Bunların farkına varan ülkelerde kendi yönetim ve işleyiş sistemlerini hızla yapılandırmakta, beklenenden önce gelen dijital çağa giriş hazırlıkları yapılmaktadır. Eğitimden sanata, üretime, ticarete, sosyal yaşantımıza kadar büyük değişikliklere karşı hazır olmaktan başka çare görülmemektedir.

Hatta dünyada en ürkütücü olanların başında işsizliklerin artacağı; ki bunu artık duymaya başladık. Amerika da 20 milyondan fazla, Hindistan’da 200 milyon gibi işsizlik rakamları ve diğer ülkelerdeki benzer durumlar, umarım sosyal patlamalara neden olmaz.
Yeni normalleşme ile tersine göçlerin yaşanacağı, eğitim sisteminde köklü değişikliklerin olacağı, paranın dijitalleşeceği söylemleri ve yeni geliştirilecek metodlardan söz edilmeye başlandı bile; fakat asıl üzerinde durulacak olan ise tarıma ağırlık verileceğidir.
Bize bu pandemi aslında unuttuklarımızı, vazgeçtiklerimizi en önemlisi tüketim toplumu haline nasıl geldik sorularının cevaplarını aramamız gerektiğini hatırlattı.
Yeni normalleşme sistemi içinde üretimler değişime gidecek otomasyona dönük çalışmalar hız kazanacak, pazarlama anlayışları ve teknikleri yenilenecek belki de tatil anlayışımız değişime uğrayacak gibi gözüküyor.

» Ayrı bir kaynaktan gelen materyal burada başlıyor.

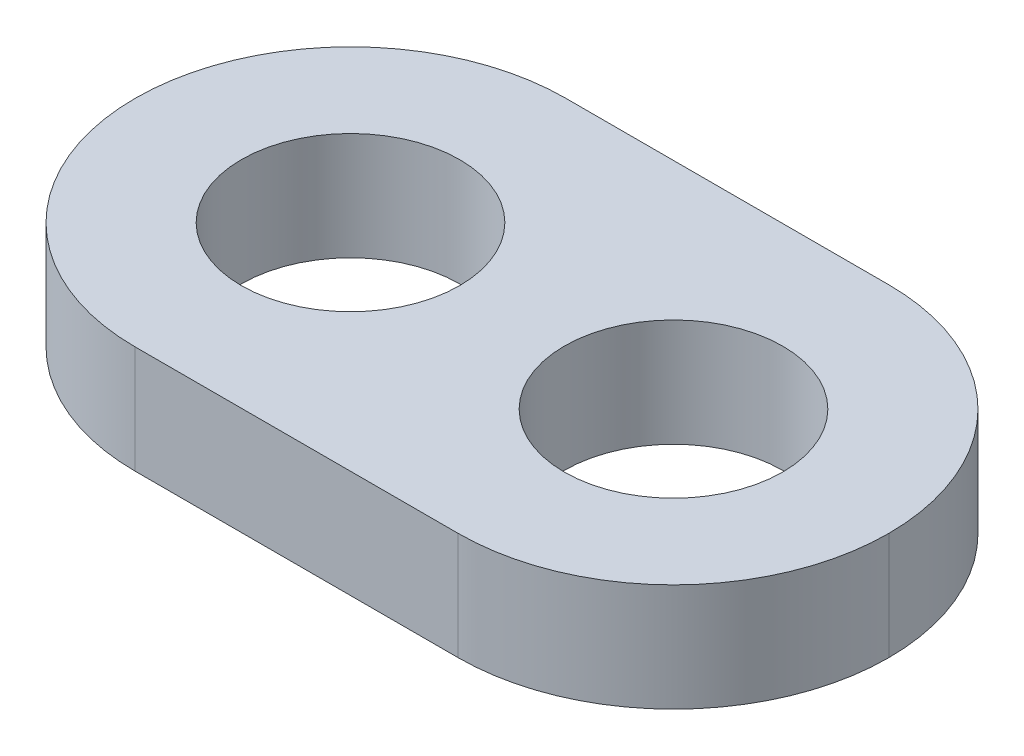
SolidWorks part; units mm, degrees
ref_plane "Front Plane" through (0, 0, 0) normal (0, 0, 1) x (1, 0, 0)
ref_plane "Top Plane" through (0, 0, 0) normal (0, 1, 0) x (1, 0, 0)
ref_plane "Right Plane" through (0, 0, 0) normal (1, 0, 0) x (0, 0, -1)
sketch "Sketch1" plane through (0, 0, 0) normal (0, 1, 0) x (1, 0, 0)
  line L0 (0, 10) -> (0, -10) construction
  line L1 (-17.5, 10) -> (17.5, 10)
  line L2 (-17.5, 10) -> (-17.5, -10)
  line L3 (-17.5, -10) -> (17.5, -10)
  line L4 (17.5, 10) -> (17.5, -10)
  circle A1 centre (-7.5, 0) radius 5.07
  circle A2 centre (7.5, 0) radius 5.07
  point P0 (0, 10)
  point P7 (-17.5, 0)
  point P12 (0, 0)
  dimension "D1" = 10
  dimension "D2" = 15
  dimension "D3" = 10.14
  dimension "D4" = 10
extrude "Boss-Extrude1" add sketch "Sketch1" along normal blind 5
fillet "Fillet1" radius 10 4 edges at (-17.5, 2.5, -10) (17.5, 2.5, -10) (17.5, 2.5, 10) (-17.5, 2.5, 10)

Hayatımıza giren en önemli değişimin adı 2M olarak ifade edilmekte artık. Maske ve mesafe kuralı. Bu 2M kuralı artık vazgeçilmezimiz olacaktır. Rekabetin her alanda hızla değişime ve gelişime doğru yenileneceğini de unutmayalım.
Değerli dostlarım, yeni normalleşme süreci içinde dijital pazarlamanın öne çıktığını, yeni şekillenmeler ile farklılaşacağı bir dönem içindeyiz artık.
Daha fazlası ise internetin olmayacağı bir yaşam biçimi artık düşünülemez hale gelmiştir. İş toplantıları dahil iş görüşmeleri, yakınlarımızla olan özlemlerimiz artık sanal ortamlarda dile getirmekte ve yapmaktayız. Bu durum bir süre daha böyle olacaktır demek çok isterdim ama sanırım bundan sonraki yaşam bicimizde bu durum şekillenmeye başladı bile.
İşletmeler sosyal medya hesaplarını güncellemekte, tanıtımlarını bu şekilde yapmaktadırlar. Yeni normalleşme, bizlere değişimi ve geleceğe olan planlarımızı gözden geçireceğimiz ve bu değişimin artık kültürümüzün bir parçası olacağı gelişmelere yön vereceği yeni dünyaya adım atmaya başladığımızın göstergesidir ve bundan sonrasıda böyle olacaktır.
Değerli dostlarım, sağlıklı, kazançlı, ben olmaktan çok biz olmaya doğru; diyerek sizlere saygı ve sevgilerimi sunarım. Esen kalın.